Innovationen im Wahlkampf: Das beleuchtete Wahlplakat der @prt_xhn in der #Rigaer94 #agh16 #bvvxhain pic.twitter.com/1tPZRvjucb
— Martin Fuchs (@wahl_beobachter) 3. August 2016
Update
Nun habe ich auch von den Piraten ein großes Plakat in freier Wildbahn gesehen – dieses hier:
Dabei stellen die Kandidat*innen eines ihrer Kernthemen sinnbildlich vor. Dabei wird die Ästhetik von Stockfotos nochmal etwas überhöht. Manches Motiv wie etwa der Psychclown ist vielleicht etwas viel, aber immerhin die Idee funktioniert oft. Das auf weißem Hintergrund zu setzen läßt für mich die Wirkung der Fotos durch die Kälte etwas abschwächen.

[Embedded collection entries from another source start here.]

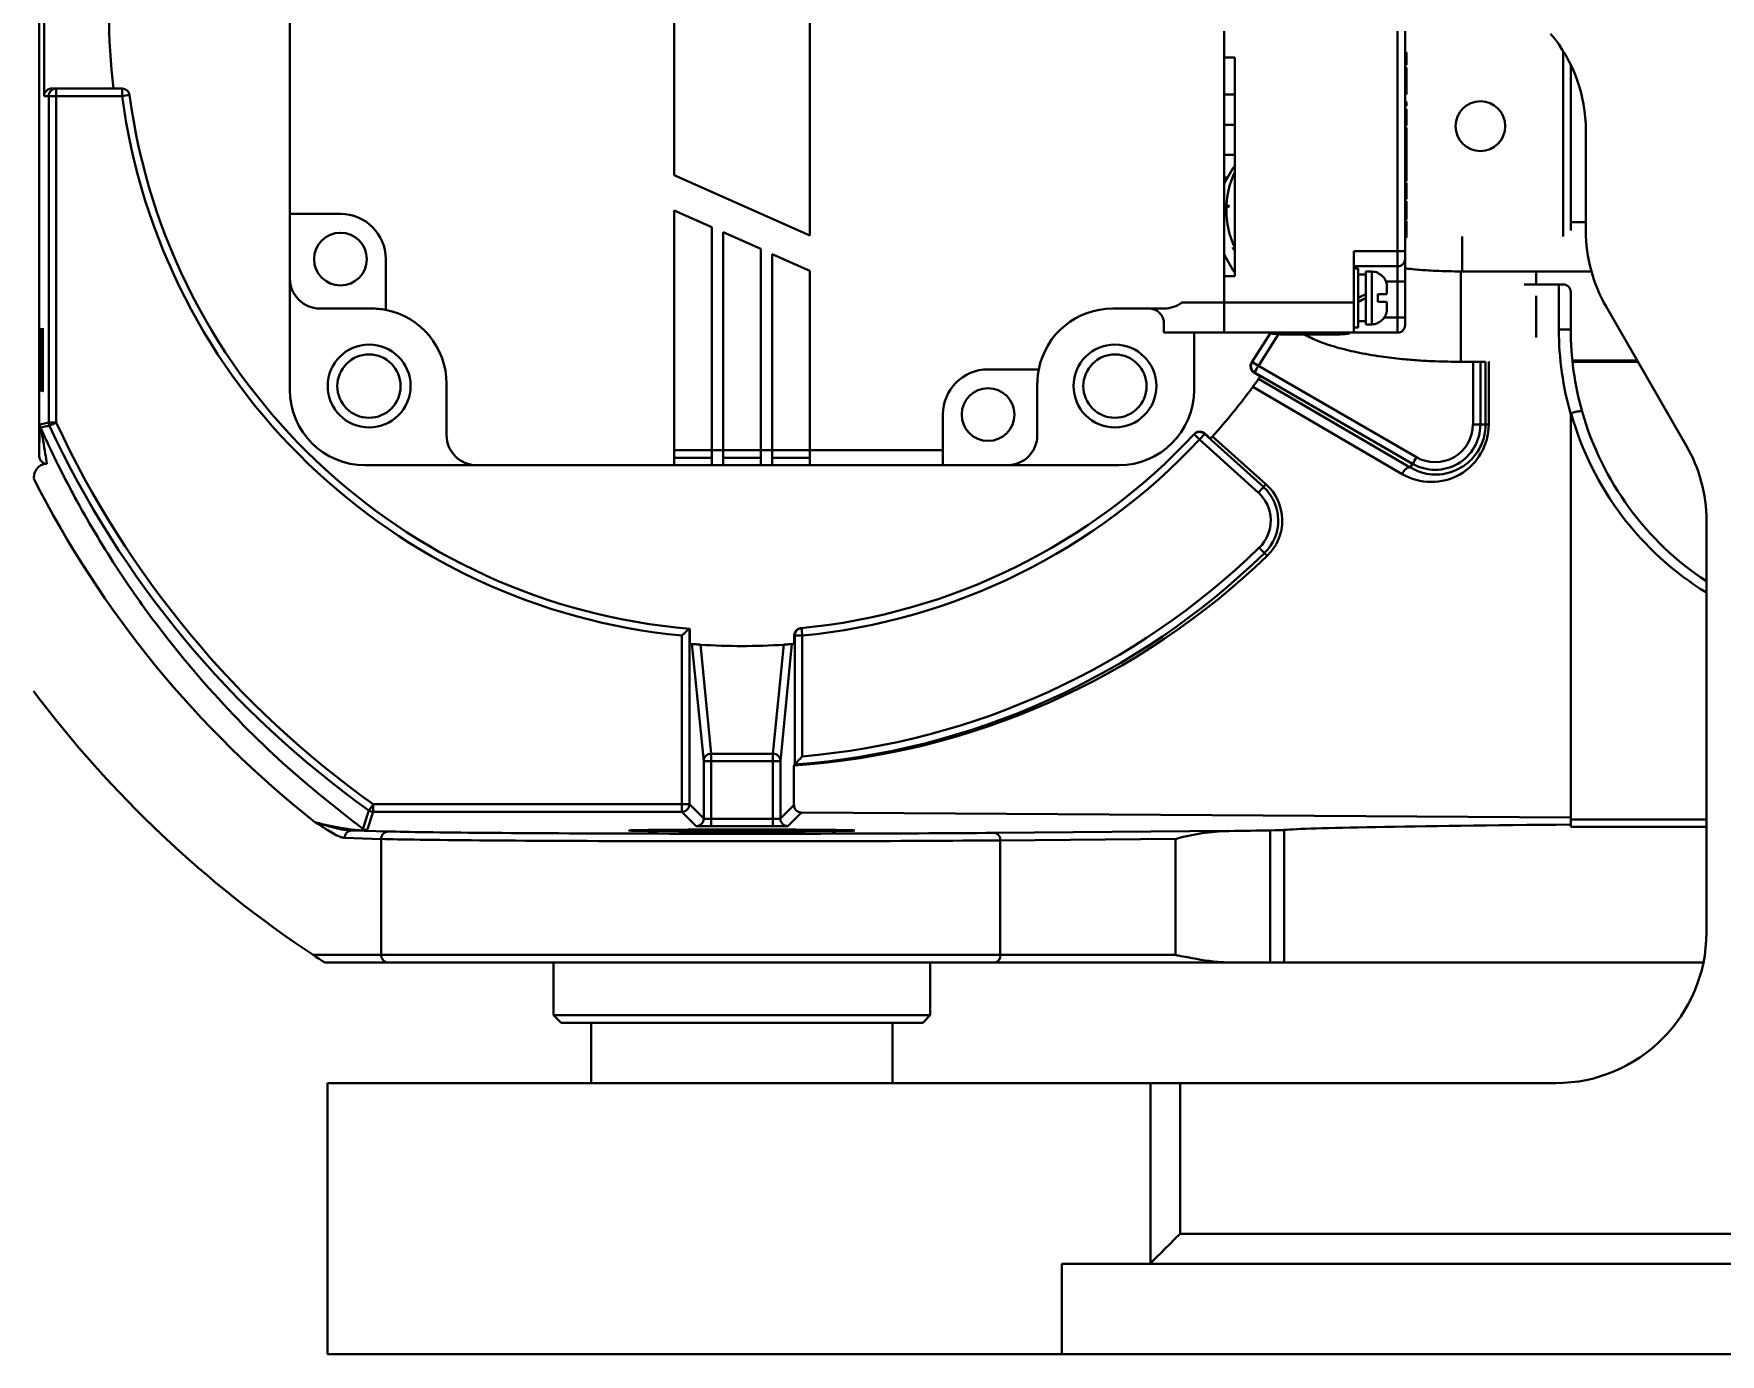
# Model space of a CAD drawing. Header units: millimetres. Extents: x -2601 to 21461, y 11492 to 21077.
# Drawn here: x -1092.3 to -980.4, y 12700.9 to 12788.6 of the extents above; entities that cross this region are included whole.
import ezdxf

# ---------------------------------------------------------------- set-up
doc = ezdxf.new("R2010")
doc.units = ezdxf.units.MM
doc.header["$PDSIZE"] = -1
doc.styles.get("Standard").update_dxf_attribs({"font": ''})
doc.styles.get('Standard').set_extended_font_data('HYSWLongFangSong')
doc.dimstyles.new('ISO-25', dxfattribs={"dimscale": 25, "dimtxt": 3.5, "dimasz": 1.6, "dimexe": 1.25, "dimexo": 0.625, "dimtad": 1, "dimdec": 0, "dimzin": 9, "dimdsep": 46, "dimtxsty": 'Standard', "dimcen": 2.5, "dimadec": 0, "dimazin": 2, "dimtfac": 1, "dimtdec": 0, "dimtofl": 0, "dimtmove": 0, "dimatfit": 3, "dimfxl": 1, "dimarcsym": 0})

# ---------------------------------------------------------------- blocks, each defined once
blk = doc.blocks.new('*D41')
at = {"color": 0, "lineweight": -2}
for p, q in [((-984.73, 13145.13), (-566.17, 12980.75)), ((-80.3, 12727.44), (-80.3, 12852.44)), ((-142.8, 12789.94), (-17.8, 12789.94))]:
    blk.add_line(p, q, dxfattribs=at)
at = {"color": 0}
blk.add_solid([(-563.74, 12986.96), (-568.61, 12974.55), (-528.94, 12966.13)], dxfattribs=at)
at = {"layer": 'Defpoints', "color": 0}
for p in [(-528.94, 12966.13), (-80.3, 12789.94)]:
    blk.add_point(p, dxfattribs=at)
at = {"color": 0, "insert": (-871.65, 13164.51), "char_height": 87.5, "attachment_point": 5, "rotation": 338.5595}
blk.add_mtext('R482', dxfattribs=at)

msp = doc.modelspace()

# ---------------------------------------------------------------- linework, layer by layer
at = {"color": 161, "lineweight": 30, "true_color": 0x67adff}
for p, q in [((-1091.94, 12819.27), (-1091.94, 12760.62)), ((-1049.8, 12779.2), (-1049.8, 12818.94)), ((-1040.8, 12818.94), (-1040.8, 12775.19)), ((-1075.3, 12776.62), (-1075.3, 12807.54)), ((-1091.61, 12795.44), (-1091.61, 12784.44)), ((-1013.3, 12770.74), (-1013.3, 12788.74)), ((-1013.3, 12788.74), (-1013.3, 12786.99)), ((-1001.8, 12774.14), (-1001.8, 12788.74)), ((-1001.3, 12774.14), (-1001.3, 12788.74)), ((-1001.2, 12787.34), (-1001.3, 12787.34)), ((-990.8, 12775.11), (-990.8, 12787.42)), ((-1013.3, 12786.99), (-1012.6, 12786.99)), ((-1012.6, 12786.99), (-1012.6, 12772.49)), ((-1001.3, 12786.51), (-1001.2, 12786.51)), ((-1001.18, 12786.32), (-1001.3, 12786.32)), ((-990.3, 12786.51), (-990.3, 12775.52)), ((-1001.3, 12785.36), (-1001.2, 12785.36)), ((-1001.2, 12785.36), (-1001.2, 12784.54)), ((-1091.3, 12784.44), (-1091.61, 12784.44)), ((-1091.3, 12762.78), (-1091.3, 12784.44)), ((-1091.3, 12784.44), (-1090.8, 12784.44)), ((-1091.09, 12784.94), (-1087, 12784.94)), ((-1090.8, 12784.94), (-1090.8, 12784.44)), ((-1086.43, 12784.44), (-1090.8, 12784.44)), ((-1090.8, 12784.44), (-1090.8, 12762.78)), ((-1087, 12784.94), (-1086.43, 12784.94)), ((-1086.43, 12784.94), (-1086.43, 12784.44)), ((-1012.6, 12784.54), (-1013.3, 12784.54)), ((-1001.3, 12784.06), (-1001.2, 12784.06)), ((-1001.2, 12784.06), (-1001.2, 12783.8)), ((-1001.2, 12783.8), (-1001.3, 12783.8)), ((-1001.2, 12783.57), (-1001.3, 12783.57)), ((-1001.2, 12783.32), (-1001.3, 12783.32)), ((-1001.2, 12783.57), (-1001.2, 12783.32)), ((-1001.2, 12783.32), (-1001.2, 12782.67)), ((-1013.3, 12782.54), (-1012.6, 12782.54)), ((-1001.2, 12782.67), (-1001.3, 12782.67)), ((-1001.3, 12782.59), (-1001.2, 12782.59)), ((-1001.2, 12782.49), (-1001.3, 12782.49)), ((-1001.18, 12782.32), (-1001.3, 12782.32)), ((-1001.2, 12782.59), (-1001.2, 12782.49)), ((-989.3, 12775.48), (-989.3, 12782.15)), ((-1012.6, 12780.54), (-1013.3, 12780.54)), ((-1001.3, 12781.59), (-1001.2, 12781.59)), ((-1001.3, 12780.99), (-1001.18, 12780.99)), ((-1001.2, 12781.01), (-1001.2, 12780.46)), ((-1001.2, 12780.46), (-1001.3, 12780.46)), ((-1001.3, 12780.33), (-1001.2, 12780.33)), ((-1001.3, 12780.25), (-1001.2, 12780.25)), ((-1001.3, 12780.12), (-1001.2, 12780.12)), ((-1001.2, 12779.85), (-1001.3, 12779.85)), ((-1001.2, 12780.25), (-1001.2, 12780.33)), ((-1001.2, 12780.12), (-1001.2, 12780.25)), ((-1001.2, 12779.85), (-1001.2, 12779.18)), ((-1040.8, 12775.19), (-1049.8, 12779.2)), ((-1013.09, 12779.04), (-1013.3, 12779.04)), ((-1001.2, 12779.18), (-1001.3, 12779.18)), ((-1001.2, 12779.08), (-1001.3, 12779.08)), ((-1001.2, 12778.79), (-1001.3, 12778.79)), ((-1001.2, 12778.69), (-1001.3, 12778.69)), ((-1001.2, 12778.43), (-1001.3, 12778.43)), ((-1001.2, 12779.18), (-1001.2, 12779.08)), ((-1001.2, 12779.08), (-1001.2, 12778.79)), ((-1001.2, 12778.69), (-1001.2, 12778.43)), ((-1001.2, 12778.43), (-1001.2, 12777.78)), ((-1013.03, 12777.02), (-1012.99, 12777.23)), ((-1001.2, 12777.78), (-1001.3, 12777.78)), ((-1001.3, 12777.7), (-1001.2, 12777.7)), ((-1001.2, 12777.6), (-1001.3, 12777.6)), ((-1001.18, 12777.43), (-1001.3, 12777.43)), ((-1001.2, 12777.7), (-1001.2, 12777.6)), ((-1075.3, 12776.62), (-1071.94, 12776.62)), ((-1075.3, 12772.34), (-1075.3, 12776.62)), ((-1049.8, 12776.85), (-1047.3, 12775.73)), ((-1049.8, 12759.94), (-1049.8, 12776.85)), ((-1013.15, 12776.89), (-1013.15, 12776.43)), ((-1001.3, 12776.74), (-1001.2, 12776.74)), ((-1001.3, 12776.24), (-1001.2, 12776.24)), ((-1001.18, 12776.13), (-1001.3, 12776.13)), ((-989.3, 12776.06), (-990.3, 12776.06)), ((-1047.3, 12775.73), (-1047.3, 12760.94)), ((-1046.55, 12775.4), (-1044.05, 12774.29)), ((-1046.55, 12760.94), (-1046.55, 12775.4)), ((-1001.3, 12775.55), (-1001.2, 12775.55)), ((-1001.2, 12775.06), (-1001.3, 12775.06)), ((-1001.2, 12775.55), (-1001.2, 12775.06)), ((-997.5, 12775.11), (-997.5, 12772.8)), ((-1044.05, 12774.29), (-1044.05, 12760.94)), ((-1043.3, 12760.94), (-1043.3, 12773.95)), ((-1043.3, 12773.95), (-1040.8, 12772.84)), ((-1004.7, 12774.14), (-1001.8, 12774.14)), ((-1004.7, 12770.74), (-1004.7, 12774.14)), ((-1001.8, 12773.14), (-1001.8, 12774.14)), ((-1001.8, 12774.14), (-1001.3, 12774.14)), ((-1068.94, 12773.62), (-1068.94, 12770.25)), ((-1040.8, 12772.84), (-1040.8, 12760.94)), ((-1004.7, 12773.14), (-1001.8, 12773.14)), ((-1004.4, 12772.99), (-1004.7, 12772.99)), ((-1004.4, 12769.09), (-1004.4, 12772.99)), ((-1003.5, 12772.79), (-1003.9, 12772.79)), ((-1003.9, 12771.04), (-1003.9, 12772.79)), ((-1003.5, 12769.29), (-1003.5, 12772.79)), ((-1003.1, 12772.69), (-1003.1, 12772.71)), ((-1001.8, 12773.14), (-1001.8, 12772.14)), ((-992.6, 12772.8), (-997.6, 12772.8)), ((-997.6, 12766.8), (-997.6, 12772.8)), ((-988.93, 12772.8), (-992.6, 12772.8)), ((-992.6, 12772.8), (-992.6, 12771.94)), ((-1075.3, 12764.94), (-1075.3, 12772.34)), ((-1013.3, 12772.49), (-1013.3, 12770.74)), ((-1012.6, 12772.49), (-1013.3, 12772.49)), ((-1003.9, 12772.59), (-1004.4, 12772.59)), ((-1002.58, 12772.14), (-1001.8, 12772.14)), ((-1001.8, 12772.14), (-1001.3, 12772.14)), ((-1001.8, 12772.14), (-1001.8, 12769.74)), ((-1001.3, 12772.14), (-1001.3, 12769.74)), ((-993.39, 12771.94), (-991.09, 12771.94)), ((-991.09, 12768.94), (-991.09, 12771.94)), ((-991.09, 12771.94), (-990.8, 12771.94)), ((-1016.1, 12770.74), (-1013.3, 12770.74)), ((-1013.3, 12768.74), (-1013.3, 12770.74)), ((-1013.3, 12770.74), (-1004.7, 12770.74)), ((-1004.7, 12770.74), (-1004.7, 12768.74)), ((-1003.9, 12769.29), (-1003.9, 12771.04)), ((-1003.1, 12770.79), (-1003.1, 12771.29)), ((-1002.5, 12770.79), (-1002.5, 12770.68)), ((-992.6, 12771.18), (-992.6, 12768.42)), ((-992.6, 12770.58), (-992.6, 12771.18)), ((-992.6, 12768.42), (-992.6, 12770.58)), ((-990.3, 12771.44), (-990.3, 12768.94)), ((-982.64, 12761.26), (-987.96, 12770.48)), ((-1069.9, 12770.34), (-1073.3, 12770.34)), ((-1020.7, 12770.34), (-1017.3, 12770.34)), ((-1017.3, 12768.74), (-1017.3, 12769.34)), ((-1004.4, 12769.49), (-1003.9, 12769.49)), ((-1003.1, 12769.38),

Der Schrifteinsatz hingegen kommt direkt aus der Grafikerhölle. Räumlich verzerrt – allerdings ohne sichtbaren Fluchtpunkt wird orange Schrift eingesetzt. Dazu ist der Slogan schwarz umrandet und mit Schlagschatten ausgestattet (leider folgt der Schatten nicht der Raumachse der Schrift). Dazu ein Claim, der in einem Trapez geklemmt wird, was geometrisch als willkürlich bezeichnet werden kann. Und dann noch das Parteilogo mit Slogan mit versetztem harten Hintergrund. Das ist viel zu viel an Stilen – es fehlt ein klare Entscheidung und wirkt dadurch schwach.
Allerdings: ich kenne eine Kandidatin persönlich – und ich finde es grandios, wenn ich bekannte Gesichter auf Plakaten im Straßenbild entdecke. Und da sehe ich dann auch die Schrift nicht mehr so kritisch. Also JeZ – ich drücke dir die Daumen.
Fazit
Bei dem Ausschnitt der Plakate hier scheint es fast erträglich. Das spiegelt natürlich nicht die gesamte Bandbreite wider, was so das Stadtbild verschandelt. Und die Kleinplakate sind nochmal ein ganz anderer Schnack. Ganz zu Schweigen von den Rechtsaussen-Parteien, die ich prinzipiell nicht abbilden will. Schlimm genug das die überhaupt Wahlkampfgeld erhalten. Trotzdem bin ich froh wenn das Stadtbild wieder hinter den Plakaten zum Vorschein kommt.